Scusami se ho aperto questo titolo, ... se vuoi, .... mi potresti spiegare quale è la tua posizione nella società "di tuo marito", cosa hai firmato, le garanzie in corso, e se sei a conoscenza del conto corrente bancario della stessa,.... e magari di che tipo di società è.

Non serve avere dati e nomi, ma la forma è sufficiente per arrivare ad avere un'idea di massima su cosa prevede la legge e cosa puoi fare.

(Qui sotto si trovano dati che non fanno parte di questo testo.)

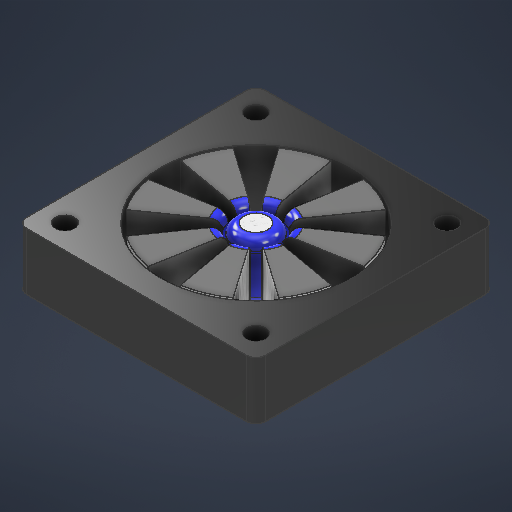
# Autodesk Inventor part: bigbuckfan
Saved by Autodesk Inventor 2026.1 (Build 301233000, 233)
## iProperties
Created: 2026-04-26
Part Number: bigbuckfan
Material: Generic
Document SubType Name: Modeling
Designer: emanuel
Density: 1 g/cm^3
Appearance: Default
Author: emanuel
Autodesk Inventor part; units mm, degrees
ref_plane "YZ Plane" through (0, 0, 0) normal (1, 0, 0) x (0, 1, 0)
ref_plane "XZ Plane" through (0, 0, 0) normal (0, 1, 0) x (-1, 0, 0)
ref_plane "XY Plane" through (0, 0, 0) normal (0, 0, 1) x (1, 0, 0)
sketch "Sketch1" plane through (0, 0, 0) normal (0, 1, 0) x (-1, 0, 0)
  line L0 (0, 0) -> (50, 0)
  line L1 (50, 0) -> (50, -50)
  line L2 (50, -50) -> (0, -50)
  line L3 (0, -50) -> (0, 0)
  dimension "d0" = 50
  dimension "d1" = 50
  constraints: 8 end point, 2 parallel, 1 horizontal, 1 perpendicular
  measures "d0" distance of L1.end L2.end
  measures "d1" distance of L0.end L1.end
extrude "Extrusion1" add sketch "Sketch1" along normal blind 12
fillet "Fillet1" radius 2 4 edges at (-50, 6, 0) (0, 6, 0) (0, 6, -50) (-50, 6, -50)
sketch "Sketch2" plane through (0, 12, 0) normal (0, 1, 0) x (1, 0, 0)
  line L0 (-50, 50) -> (-25, 50)
  line L1 (-25, 50) -> (-25, 25)
  line L2 (-25, 25) -> (-50, 25)
  line L3 (-50, 25) -> (-50, 50)
  circle A0 centre (-25, 25) radius 20
  circle A1 centre (-25, 25) radius 5
  line L4 (-25, 25) -> (-28.473, 44.6962)
  line L5 (-25, 25) -> (-5, 25) construction
  line L6 (-25, 25) -> (-21.527, 44.6962)
  line L7 (-25, 25) -> (-5, 25) construction
  line L8 (-25, 25) -> (-41.383, 36.4715)
  line L9 (-25, 25) -> (-36.4715, 41.383)
  line L10 (-25, 25) -> (-44.6962, 21.527)
  line L11 (-25, 25) -> (-44.6962, 28.473)
  line L12 (-25, 25) -> (-36.4715, 8.617)
  line L13 (-25, 25) -> (-41.383, 13.5285)
  line L14 (-25, 25) -> (-21.527, 5.3038)
  line L15 (-25, 25) -> (-28.473, 5.3038)
  line L16 (-25, 25) -> (-8.617, 13.5285)
  line L17 (-25, 25) -> (-13.5285, 8.617)
  line L18 (-25, 25) -> (-5.3038, 28.473)
  line L19 (-25, 25) -> (-5.3038, 21.527)
  line L20 (-25, 25) -> (-13.5285, 41.383)
  line L21 (-25, 25) -> (-8.617, 36.4715)
  point P0 (0, 0)
  point P1 (-27.8679, 29.0958)
  point P2 (-29.0958, 27.8679)
  point P3 (-24.1318, 29.924)
  point P4 (-25.8682, 29.924)
  point P5 (-20.9042, 27.8679)
  point P6 (-22.1321, 29.0958)
  point P7 (-20.076, 24.1318)
  point P8 (-20.076, 25.8682)
  point P9 (-22.1321, 20.9042)
  point P10 (-20.9042, 22.1321)
  point P11 (-25.8682, 20.076)
  point P12 (-24.1318, 20.076)
  point P13 (-29.0958, 22.1321)
  point P14 (-27.8679, 20.9042)
  point P15 (-29.924, 24.1318)
  point P16 (-29.924, 25.8682)
  dimension "d5" = 25
  dimension "d6" = 25
  dimension "d7" = 40
  dimension "d8" = 10
  dimension "d9" = 100
  dimension "d10" = 80
  dimension "d13" = 360
  constraints: 44 end point, 3 horizontal, 2 centre point, 2 coincident, 2 equal length, 2 parallel, 2 point on circle, 1 perpendicular, 41 other
  measures "d5" distance of L1.end L2.end
  measures "d6" distance of L0.end L1.end
  measures "d7" diameter of A0
  measures "d8" diameter of A1
  measures "d9" angle of L5 L4
  measures "d10" angle of L7 L6
extrude "Extrusion2" cut sketch "Sketch2" against normal blind 12 contours A0 L6 A1 L1 | L1 A1 L4 A0 | A0 L11 A1 L2 | L2 A1 L10 A0 | A0 L21 A1 L20 | L9 A1 L8 A0 | L13 A1 L12 A0 | L14 A0 L15 A1 | L16 A0 L17 A1 | L18 A0 L19 A1
sketch "Sketch3" plane through (0, 12, 0) normal (0, 1, 0) x (1, 0, 0)
  arc A0 (-27.8679, 29.0958) -> (-29.0958, 27.8679) centre (-25, 25) ccw projected
  circle A1 centre (-25, 25) radius 5
  circle A2 centre (-25, 25) radius 4.5
  point P0 (0, 0)
  dimension "d17" = 9
  constraints: 2 coincident, 1 centre point, 3 other
  measures "d17" diameter of A2
extrude "Extrusion3" cut sketch "Sketch3" against normal blind 2
fillet "Fillet2" radius 2 9 edges at (-29.5, 12, -25) (-29.6194, 12, -23.0866) (-29.6194, 12, -26.9134) (-26.9134, 12, -29.6194) (-23.0866, 12, -29.6194) (-20.3806, 12, -26.9134) (-20.3806, 12, -23.0866) (-23.0866, 12, -20.3806) (-26.9134, 12, -20.3806)
sketch "Sketch4" plane through (0, 12, 0) normal (0, 1, 0) x (1, 0, 0)
  line L0 (-50, 50) -> (-45, 50)
  line L1 (-45, 50) -> (-45, 45)
  line L2 (-45, 45) -> (-50, 45)
  line L3 (-50, 45) -> (-50, 50)
  line L4 (-45, 45) -> (-5, 45)
  line L5 (-5, 45) -> (-5, 5)
  line L6 (-5, 5) -> (-45, 5)
  line L7 (-45, 5) -> (-45, 45)
  circle A0 centre (-45, 5) radius 2
  circle A1 centre (-45, 45) radius 2
  circle A2 centre (-5, 45) radius 2
  circle A3 centre (-5, 5) radius 2
  point P0 (0, 0)
  dimension "d21" = 5
  dimension "d22" = 5
  dimension "d23" = 40
  dimension "d24" = 40
  dimension "d25" = 4
  dimension "d26" = 4
  dimension "d27" = 4
  dimension "d28" = 4
  constraints: 16 end point, 4 centre point, 4 coincident, 4 parallel, 2 horizontal, 2 perpendicular
  measures "d21" distance of L1.end L2.end
  measures "d22" distance of L0.end L1.end
  measures "d23" distance of L5.end L6.end
  measures "d24" distance of L4.end L5.end
  measures "d25" diameter of A0
  measures "d26" diameter of A1
  measures "d27" diameter of A2
  measures "d28" diameter of A3
extrude "Extrusion4" cut sketch "Sketch4" against normal blind 12 contours A1 L4 L1 | L1 L2 A1 | L2 L7 A1 | L4 A1 L7 | A2 L5 L4 | L4 L5 A2 | A0 L6 L7 | L7 L6 A0 | A3 L6 L5 | L5 L6 A3
sketch "Sketch5" plane through (0, 0, 0) normal (0, -1, 0) x (1, 0, 0)
  arc A0 (-29.924, -24.1318) -> (-29.924, -25.8682) centre (-25, -25) ccw projected
  circle A1 centre (-25, -25) radius 5
  circle A2 centre (-25, -25) radius 4.5
  point P0 (0, 0)
  dimension "d31" = 9
  constraints: 2 coincident, 1 centre point, 3 other
  measures "d31" diameter of A2
extrude "Extrusion5" cut sketch "Sketch5" against normal blind 2
fillet "Fillet3" radius 2 9 edges at (-29.5, 0, -25) (-29.6194, 0, -26.9134) (-26.9134, 0, -29.6194) (-23.0866, 0, -29.6194) (-29.6194, 0, -23.0866) (-26.9134, 0, -20.3806) (-23.0866, 0, -20.3806) (-20.3806, 0, -23.0866) (-20.3806, 0, -26.9134)
sketch "Sketch7" plane through (0, 12, 0) normal (0, 1, 0) x (1, 0, 0)
  circle A0 centre (-25, 25) radius 2.5 projected
  arc A1 (-8.617, 36.4715) -> (-13.5285, 41.383) centre (-25, 25) ccw projected
  circle A2 centre (-25, 25) radius 20
  circle A3 centre (-25, 25) radius 19.5
  point P0 (0, 0)
  point P1 (-13.5285, 41.383)
  dimension "d38" = 39
  constraints: 2 coincident, 1 centre point, 3 other
  measures "d38" diameter of A3
extrude "Extrusion7" cut sketch "Sketch7" against normal blind 12 contours A2 A1
body "Solid1"

PS: non è saggio per nulla trascurare una posizione di amministratrice unica senza avere una pallida idea di cosa stia succedendo nella tua società, ... tanto più se ti ha fatto minacce.


----------



## Old Fa. (20 Settembre 2006)

Vabbè, ... ti do una piccola anticipazione ... tanto per non farti agitare troppo, questa è una sentenza che reputo abbastanza importante dal punto di vista di responsabilità su una società, considerando il tuo ruolo di "Prestanome", perchè agli occhi della Legge ti sarà facile essere considerata tale. Tuo marito non è al sicuro per nulla nella sua posizione

PS: considera che l'argomento è molto vasto, e di precisazioni io non ne possiedo, ... ma prima di lanciarti con un legale una bozza di qualcosa te la posso fornire io ... tanto perchè lo "studio della pratica" (una dei salassi negli onorari) possa risultare più mirata ed il legale non si disperda troppo.  

	
	
		
		
	


	





_FALLIMENTO (Disposizioni penali)_
_Reati commessi dal fallito_
_bancarotta fraudolenta_
_distrazione, occultamento, dissimulazione, distruzione, dissipazione di beni_

_La carica di amministratore apparente *non comporta l'automatica responsabilità per gli episodi distrattivi commessi dal "vero" amministratore*. __Solo la consapevolezza - non presunta però dal giudice - di tali eventi da parte del prestanome farà scattare, infatti, il reato di bancarotta fraudolenta patrimoniale. Lo stesso discorso non può farsi, invece, per il reato di bancarotta fraudolenta documentale. *In questo caso, infatti, la qualifica di amministratore formale e, quindi, di soggetto obbligato alla conservazione delle scritture contabili, implica l'automatica consapevolezza che le stesse sono uscite dal suo controllo per essere sottoposte a quello dell'amministratore di fatto*._

_Cassazione penale, sez. V, 4 giugno 2004, n. 28007_


----------